## [WORK TASK]
The expected answer is the set of lines in the data below between the line holding "n14.data_type = 'RGBA'" and the line holding "n15.inputs[0].default_value = 1.0", inclusive, written out exactly.

------ STUDY MATERIAL

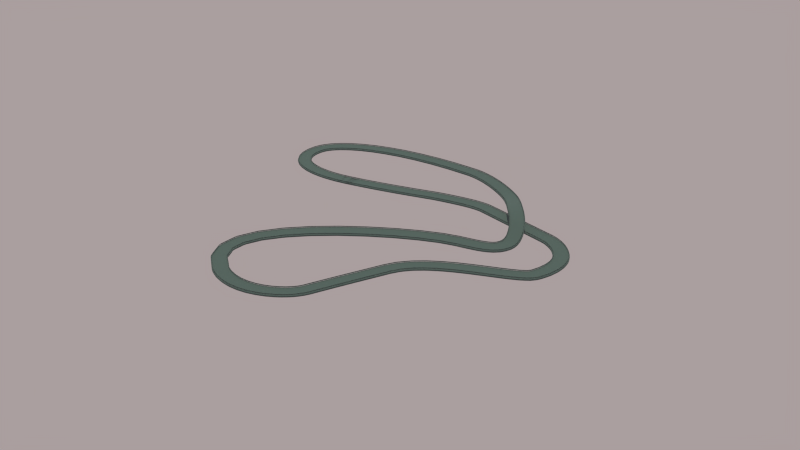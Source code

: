 # Source: FullTrack.blend  (saved by Blender 2.91.10; exported with 4.5.12 LTS)
import bpy
from mathutils import Matrix  # noqa: F401  (used for matrix-valued properties, if any)

bpy.ops.wm.read_factory_settings(use_empty=True)
scene = bpy.context.scene
scene.name = 'Scene'

# ---- collections
col_collection_1 = bpy.data.collections.new('Collection 1'); scene.collection.children.link(col_collection_1)

# ---- materials (node trees are filled in below, after node groups)
mat_material_001 = bpy.data.materials.new('Material.001')

# ---- material node trees
mat_material_001.use_nodes = True; mat_material_001.node_tree.nodes.clear()
_N = mat_material_001.node_tree.nodes; _L = mat_material_001.node_tree.links
n0 = _N.new('ShaderNodeBsdfPrincipled'); n0.name = 'Principled BSDF'; n0.location = (10, 300)
n0.distribution = 'GGX'
n0.subsurface_method = 'BURLEY'
n0.inputs[0].default_value = (0.00368, 0.01467, 0.01088, 1.0)
n0.inputs[1].default_value = 0.3
n0.inputs[2].default_value = 0.9
n0.inputs[3].default_value = 1.45
n0.inputs[27].default_value = (0.03106, 0.03106, 0.03106, 1.0)
n0.inputs[28].default_value = 1.0
n1 = _N.new('ShaderNodeOutputMaterial'); n1.name = 'Material Output'; n1.location = (300, 300)
_L.new(n0.outputs[0], n1.inputs[0])
n1.is_active_output = True

# ---- world
world_dynamic_1 = bpy.data.worlds.new('Dynamic_1'); scene.world = world_dynamic_1
world_dynamic_1.use_nodes = True; world_dynamic_1.node_tree.nodes.clear()
_N = world_dynamic_1.node_tree.nodes; _L = world_dynamic_1.node_tree.links
n0 = _N.new('ShaderNodeBackground'); n0.name = 'Scene_Brightness'; n0.location = (6708, 360)
n1 = _N.new('ShaderNodeOutputWorld'); n1.name = 'World Output'; n1.location = (7167, 360)
n2 = _N.new('ShaderNodeTexCoord'); n2.name = 'Texture Coordinate'; n2.location = (244, 1005)
n3 = _N.new('ShaderNodeMapping'); n3.name = 'Mapping'; n3.location = (787, 730)
n3.vector_type = 'NORMAL'
n4 = _N.new('ShaderNodeNormal'); n4.name = 'Sky_normal'; n4.location = (1220, 685)
n5 = _N.new('ShaderNodeValToRGB'); n5.name = 'ColorRamp'; n5.location = (1671, 415)
n5.color_ramp.interpolation = 'EASE'
while len(n5.color_ramp.elements) > 1: n5.color_ramp.elements.remove(n5.color_ramp.elements[-1])
n5.color_ramp.elements[0].position = 0.969; n5.color_ramp.elements[0].color = (0.0, 0.0, 0.0, 1.0)
_e = n5.color_ramp.elements.new(1.0); _e.color = (1.0, 1.0, 1.0, 1.0)
n6 = _N.new('ShaderNodeValToRGB'); n6.name = 'ColorRamp.001'; n6.location = (2197, 415)
n6.color_ramp.interpolation = 'EASE'
while len(n6.color_ramp.elements) > 1: n6.color_ramp.elements.remove(n6.color_ramp.elements[-1])
n6.color_ramp.elements[0].position = 0.991; n6.color_ramp.elements[0].color = (0.0, 0.0, 0.0, 1.0)
_e = n6.color_ramp.elements.new(1.0); _e.color = (1.0, 1.0, 1.0, 1.0)
n7 = _N.new('ShaderNodeValToRGB'); n7.name = 'ColorRamp.002'; n7.location = (2197, 415)
n7.color_ramp.interpolation = 'EASE'
while len(n7.color_ramp.elements) > 1: n7.color_ramp.elements.remove(n7.color_ramp.elements[-1])
n7.color_ramp.elements[0].position = 0.779; n7.color_ramp.elements[0].color = (0.0, 0.0, 0.0, 1.0)
_e = n7.color_ramp.elements.new(1.0); _e.color = (1.0, 1.0, 1.0, 1.0)
n8 = _N.new('ShaderNodeMath'); n8.name = 'Math'; n8.location = (2197, 685)
n8.operation = 'MULTIPLY'
n8.inputs[1].default_value = 0.2
n8.inputs[2].default_value = 0.0
n9 = _N.new('ShaderNodeMath'); n9.name = 'Math.001'; n9.location = (3294, 685)
n9.operation = 'MULTIPLY'
n9.inputs[1].default_value = 2.0
n9.inputs[2].default_value = 0.0
n10 = _N.new('ShaderNodeMath'); n10.name = 'Math.002'; n10.location = (2745, 415)
n10.operation = 'MULTIPLY'
n10.inputs[1].default_value = 40.9
n10.inputs[2].default_value = 0.0
n11 = _N.new('ShaderNodeMath'); n11.name = 'Math.003'; n11.location = (3294, 415)
n11.operation = 'SUBTRACT'
n11.inputs[1].default_value = 1.0
n11.inputs[2].default_value = 0.0
n12 = _N.new('ShaderNodeMix'); n12.name = 'Soft_hard'; n12.location = (3819, 550)
n12.data_type = 'RGBA'
n12.inputs[0].default_value = 1.0
n13 = _N.new('ShaderNodeMix'); n13.name = 'Mix'; n13.location = (3819, 185)
n13.data_type = 'RGBA'
n13.inputs[0].default_value = 0.466
n14 = _N.new('ShaderNodeMix'); n14.name = 'Mix.001'; n14.location = (4344, 630)
n14.data_type = 'RGBA'
n14.blend_type = 'MULTIPLY'
n14.inputs[0].default_value = 1.0
n15 = _N.new('ShaderNodeMix'); n15.name = 'Mix.002'; n15.location = (4344, 90)
n15.data_type = 'RGBA'
n15.blend_type = 'MULTIPLY'
n15.inputs[0].default_value = 1.0
n16 = _N.new('ShaderNodeMix'); n16.name = 'Mix.003'; n16.location = (4782, 610)
n16.data_type = 'RGBA'
n16.inputs[6].default_value = (0.0, 0.0, 0.0, 1.0)
n17 = _N.new('ShaderNodeMix'); n17.name = 'Mix.004'; n17.location = (5132, 270)
n17.data_type = 'RGBA'
n17.inputs[6].default_value = (0.0, 0.0, 0.0, 1.0)
n17.inputs[7].default_value = (1.0, 0.82, 0.65, 1.0)
n18 = _N.new('ShaderNodeGamma'); n18.name = 'Gamma'; n18.location = (5132, 610)
n18.inputs[1].default_value = 2.3
n19 = _N.new('ShaderNodeGamma'); n19.name = 'Sun_value'; n19.location = (5524, 610)
n20 = _N.new('ShaderNodeGamma'); n20.name = 'Shadow_color_saturation'; n20.location = (5524, 880)
n21 = _N.new('ShaderNodeMix'); n21.name = 'Mix.005'; n21.location = (5941, 610)
n21.data_type = 'RGBA'
n21.blend_type = 'ADD'
n21.inputs[0].default_value = 1.0
n22 = _N.new('ShaderNodeMix'); n22.name = 'Mix.006'; n22.location = (5524, 340)
n22.data_type = 'RGBA'
n22.blend_type = 'ADD'
n22.inputs[0].default_value = 1.0
n23 = _N.new('ShaderNodeMix'); n23.name = 'Mix.007'; n23.location = (6314, 360)
n23.data_type = 'RGBA'
n24 = _N.new('ShaderNodeLightPath'); n24.name = 'Light Path'; n24.location = (5941, 130)
n25 = _N.new('ShaderNodeMapping'); n25.name = 'Mapping.001'; n25.location = (2197, 1510)
n25.inputs[3].default_value = (1.5, 1.5, 6.0)
n26 = _N.new('ShaderNodeTexNoise'); n26.name = 'Noise Texture'; n26.location = (2745, 1780)
n26.inputs[2].default_value = 3.8
n26.inputs[3].default_value = 2.4
n26.inputs[8].default_value = 0.5
n27 = _N.new('ShaderNodeTexNoise'); n27.name = 'Noise Texture.001'; n27.location = (2745, 1510)
n27.inputs[2].default_value = 2.0
n27.inputs[3].default_value = 10.0
n27.inputs[8].default_value = 0.2
n28 = _N.new('ShaderNodeValToRGB'); n28.name = 'ColorRamp.003'; n28.location = (3294, 1780)
while len(n28.color_ramp.elements) > 1: n28.color_ramp.elements.remove(n28.color_ramp.elements[-1])
n28.color_ramp.elements[0].position = 0.408; n28.color_ramp.elements[0].color = (0.0, 0.0, 0.0, 1.0)
_e = n28.color_ramp.elements.new(0.649); _e.color = (1.0, 1.0, 1.0, 1.0)
n29 = _N.new('ShaderNodeValToRGB'); n29.name = 'ColorRamp.004'; n29.location = (3294, 1510)
while len(n29.color_ramp.elements) > 1: n29.color_ramp.elements.remove(n29.color_ramp.elements[-1])
n29.color_ramp.elements[0].position = 0.408; n29.color_ramp.elements[0].color = (0.0, 0.0, 0.0, 1.0)
_e = n29.color_ramp.elements.new(0.576); _e.color = (1.0, 1.0, 1.0, 1.0)
n30 = _N.new('ShaderNodeValToRGB'); n30.name = 'ColorRamp.005'; n30.location = (3819, 820)
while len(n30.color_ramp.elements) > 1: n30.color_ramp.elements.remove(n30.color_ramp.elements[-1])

------------

## [RESPONSE BOX]
n14.data_type = 'RGBA'
n14.blend_type = 'MULTIPLY'
n14.inputs[0].default_value = 1.0
n15 = _N.new('ShaderNodeMix'); n15.name = 'Mix.002'; n15.location = (4344, 90)
n15.data_type = 'RGBA'
n15.blend_type = 'MULTIPLY'
n15.inputs[0].default_value = 1.0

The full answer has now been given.